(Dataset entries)
####################

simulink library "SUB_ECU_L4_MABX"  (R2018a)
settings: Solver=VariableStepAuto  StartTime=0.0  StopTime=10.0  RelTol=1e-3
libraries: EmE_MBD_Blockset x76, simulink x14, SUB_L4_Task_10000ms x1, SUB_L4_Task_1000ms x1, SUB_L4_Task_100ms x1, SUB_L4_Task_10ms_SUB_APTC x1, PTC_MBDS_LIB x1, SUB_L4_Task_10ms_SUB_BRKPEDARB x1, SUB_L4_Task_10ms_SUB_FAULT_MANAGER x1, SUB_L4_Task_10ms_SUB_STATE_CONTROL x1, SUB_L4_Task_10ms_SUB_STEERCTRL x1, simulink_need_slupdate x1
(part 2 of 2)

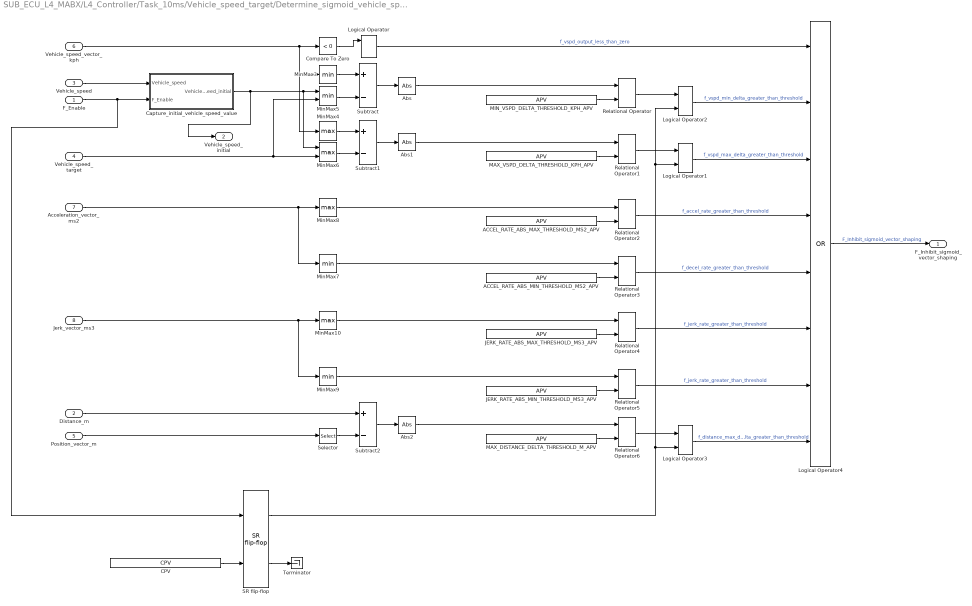
== system SUB_ECU_L4_MABX/L4_Controller/Task_10ms/Vehicle_speed_target/Determine_sigmoid_vehicle_speed_profile/Determine_inhibit_sigmoid_vehicle_speed_profile ==
  F_Enable : Inport
  Distance_m : Inport  Port=2
  Vehicle_speed : Inport  Port=3
  Vehicle_speed_target : Inport  Port=4
  Position_vector_m : Inport  Port=5
  Vehicle_speed_vector_kph : Inport  Port=6
  Acceleration_vector_ms2 : Inport  Port=7
  Jerk_vector_ms3 : Inport  Port=8
  ACCEL_RATE_ABS_MAX_THRESHOLD_MS2_APV : EmE_MBD_Blockset/Sources/APV  conval=5
      settings: SourceProductName=PACCAR EmE MBD Blockset
  ACCEL_RATE_ABS_MIN_THRESHOLD_MS2_APV : EmE_MBD_Blockset/Sources/APV  conval=-5
      settings: SourceProductName=PACCAR EmE MBD Blockset
  Abs : EmE_MBD_Blockset/Math Operators/Abs
      settings: SourceProductName=PACCAR EmE MBD Blockset
  Abs1 : EmE_MBD_Blockset/Math Operators/Abs
      settings: SourceProductName=PACCAR EmE MBD Blockset
  Abs2 : EmE_MBD_Blockset/Math Operators/Abs
      settings: SourceProductName=PACCAR EmE MBD Blockset
  CPV : EmE_MBD_Blockset/Sources/CPV  conval=false
      settings: SourceProductName=PACCAR EmE MBD Blockset
  Capture_initial_vehicle_speed_value : Subsystem
  Compare To Zero : simulink/Logic and Bit Operations/Compare To Zero  relop=<  OutDataTypeStr=boolean
  JERK_RATE_ABS_MAX_THRESHOLD_MS3_APV : EmE_MBD_Blockset/Sources/APV  conval=5
      settings: SourceProductName=PACCAR EmE MBD Blockset
  JERK_RATE_ABS_MIN_THRESHOLD_MS3_APV : EmE_MBD_Blockset/Sources/APV  conval=-5
      settings: SourceProductName=PACCAR EmE MBD Blockset
  Logical Operator : EmE_MBD_Blockset/Logic and Bit Operations/Logical Operator  Operator=OR  Inputs=1
      settings: SourceProductName=PACCAR EmE MBD Blockset
  Logical Operator1 : EmE_MBD_Blockset/Logic and Bit Operations/Logical Operator  Operator=AND  Inputs=2
      settings: SourceProductName=PACCAR EmE MBD Blockset
  Logical Operator2 : EmE_MBD_Blockset/Logic and Bit Operations/Logical Operator  Operator=AND  Inputs=2
      settings: SourceProductName=PACCAR EmE MBD Blockset
  Logical Operator3 : EmE_MBD_Blockset/Logic and Bit Operations/Logical Operator  Operator=AND  Inputs=2
      settings: SourceProductName=PACCAR EmE MBD Blockset
  Logical Operator4 : Logic  Operator=OR  Inputs=8  AllPortsSameDT=off  OutDataTypeStr=boolean
  MAX_DISTANCE_DELTA_THRESHOLD_M_APV : EmE_MBD_Blockset/Sources/APV  conval=0.5
      settings: SourceProductName=PACCAR EmE MBD Blockset
  MAX_VSPD_DELTA_THRESHOLD_KPH_APV : EmE_MBD_Blockset/Sources/APV  conval=5
      settings: SourceProductName=PACCAR EmE MBD Blockset
  MIN_VSPD_DELTA_THRESHOLD_KPH_APV : EmE_MBD_Blockset/Sources/APV  conval=5
      settings: SourceProductName=PACCAR EmE MBD Blockset
  MinMax10 : MinMax  Function=max  InputSameDT=on
  MinMax3 : MinMax  InputSameDT=on
  MinMax4 : MinMax  Function=max  InputSameDT=on
  MinMax5 : MinMax  Inputs=2  InputSameDT=on
  MinMax6 : MinMax  Function=max  Inputs=2  InputSameDT=on
  MinMax7 : MinMax  InputSameDT=on
  MinMax8 : MinMax  Function=max  InputSameDT=on
  MinMax9 : MinMax  InputSameDT=on
  Relational Operator{,1..2,4,6} (5 alike) : EmE_MBD_Blockset/Logic and Bit Operations/Relational Operator  func=>
      settings: SourceProductName=PACCAR EmE MBD Blockset
  Relational Operator3 : EmE_MBD_Blockset/Logic and Bit Operations/Relational Operator  func=<
      settings: SourceProductName=PACCAR EmE MBD Blockset
  Relational Operator5 : EmE_MBD_Blockset/Logic and Bit Operations/Relational Operator  func=<
      settings: SourceProductName=PACCAR EmE MBD Blockset
  SR flip-flop : EmE_MBD_Blockset/Logic and Bit Operations/SR flip-flop
      settings: SourceProductName=PACCAR EmE MBD Blockset
  Selector : Selector  InputPortWidth=33  IndexOptions=Index vector (dialog)  Indices=33  OutputSizes=1
  Subtract : Sum  Inputs=+-  InputSameDT=on
  Subtract1 : Sum  Inputs=+-  InputSameDT=on
  Subtract2 : Sum  Inputs=+-  InputSameDT=on
  Terminator : Terminator
  F_Inhibit_sigmoid_vector_shaping : Outport  LibraryBlock=EmE_MBD_Blockset/Sinks/Out  OutputWhenDisabled=reset
  Vehicle_speed_initial : Outport  Port=2
  wires:
  Relational Operator6/1 -> Logical Operator3/1
  Position_vector_m/1 -> Selector/1
  Selector/1 -> Subtract2/2
  Logical Operator3/1 -> Logical Operator4/8  "f_distance_max_delta_greater_than_threshold"
  Distance_m/1 -> Subtract2/1
  Subtract2/1 -> Abs2/1
  Abs2/1 -> Relational Operator6/1
  MAX_DISTANCE_DELTA_THRESHOLD_M_APV/1 -> Relational Operator6/2
  Vehicle_speed/1 -> Capture_initial_vehicle_speed_value/1(Vehicle_speed)
  Capture_initial_vehicle_speed_value/1(Vehicle_speed_initial) -> MinMax5/1, MinMax6/1, Vehicle_speed_initial/1
  Vehicle_speed_target/1 -> MinMax6/2, MinMax5/2
  MinMax6/1 -> Subtract1/2
  MinMax5/1 -> Subtract/2
  Subtract/1 -> Abs/1
  Subtract1/1 -> Abs1/1
  Relational Operator1/1 -> Logical Operator1/1
  MAX_VSPD_DELTA_THRESHOLD_KPH_APV/1 -> Relational Operator1/2
  Logical Operator2/1 -> Logical Operator4/2  "f_vspd_min_delta_greater_than_threshold"
  MinMax9/1 -> Relational Operator5/1
  JERK_RATE_ABS_MIN_THRESHOLD_MS3_APV/1 -> Relational Operator5/2
  Logical Operator/1 -> Logical Operator4/1  "f_vspd_output_less_than_zero"
  MinMax4/1 -> Subtract1/1
  MIN_VSPD_DELTA_THRESHOLD_KPH_APV/1 -> Relational Operator/2
  Jerk_vector_ms3/1 -> MinMax10/1, MinMax9/1
  Abs1/1 -> Relational Operator1/1
  Abs/1 -> Relational Operator/1
  Logical Operator1/1 -> Logical Operator4/3  "f_vspd_max_delta_greater_than_threshold"
  Relational Operator5/1 -> Logical Operator4/7  "f_jerk_rate_greater_than_threshold"
  MinMax10/1 -> Relational Operator4/1
  ACCEL_RATE_ABS_MAX_THRESHOLD_MS2_APV/1 -> Relational Operator2/2
  MinMax8/1 -> Relational Operator2/1
  Relational Operator/1 -> Logical Operator2/1
  JERK_RATE_ABS_MAX_THRESHOLD_MS3_APV/1 -> Relational Operator4/2
  Acceleration_vector_ms2/1 -> MinMax8/1, MinMax7/1
  Vehicle_speed_vector_kph/1 -> Compare To Zero/1, MinMax3/1, MinMax4/1
  Relational Operator2/1 -> Logical Operator4/4  "f_accel_rate_greater_than_threshold"
  Relational Operator3/1 -> Logical Operator4/5  "f_decel_rate_greater_than_threshold"
  MinMax3/1 -> Subtract/1
  SR flip-flop/1 -> Logical Operator2/2, Logical Operator1/2, Logical Operator3/2
  MinMax7/1 -> Relational Operator3/1
  SR flip-flop/2 -> Terminator/1
  Relational Operator4/1 -> Logical Operator4/6  "f_jerk_rate_greater_than_threshold"
  CPV/1 -> SR flip-flop/2
  Logical Operator4/1 -> F_Inhibit_sigmoid_vector_shaping/1  "F_Inhibit_sigmoid_vector_shaping"
  ACCEL_RATE_ABS_MIN_THRESHOLD_MS2_APV/1 -> Relational Operator3/2
  F_Enable/1 -> Capture_initial_vehicle_speed_value/2(F_Enable), SR flip-flop/1
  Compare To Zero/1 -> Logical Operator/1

####################

- YOUR ASSIGNMENT -
Word for word, restate the lines of the data above that fall between the line holding "JERK_RATE_ABS_MIN_THRESHOLD_MS3_APV/1 -> Relational" and the line holding "ACCEL_RATE_ABS_MAX_THRESHOLD_MS2_APV/1 -> Relational", inclusive, and no other lines.

- ANSWER TO THIS PROBLEM -
  JERK_RATE_ABS_MIN_THRESHOLD_MS3_APV/1 -> Relational Operator5/2
  Logical Operator/1 -> Logical Operator4/1  "f_vspd_output_less_than_zero"
  MinMax4/1 -> Subtract1/1
  MIN_VSPD_DELTA_THRESHOLD_KPH_APV/1 -> Relational Operator/2
  Jerk_vector_ms3/1 -> MinMax10/1, MinMax9/1
  Abs1/1 -> Relational Operator1/1
  Abs/1 -> Relational Operator/1
  Logical Operator1/1 -> Logical Operator4/3  "f_vspd_max_delta_greater_than_threshold"
  Relational Operator5/1 -> Logical Operator4/7  "f_jerk_rate_greater_than_threshold"
  MinMax10/1 -> Relational Operator4/1
  ACCEL_RATE_ABS_MAX_THRESHOLD_MS2_APV/1 -> Relational Operator2/2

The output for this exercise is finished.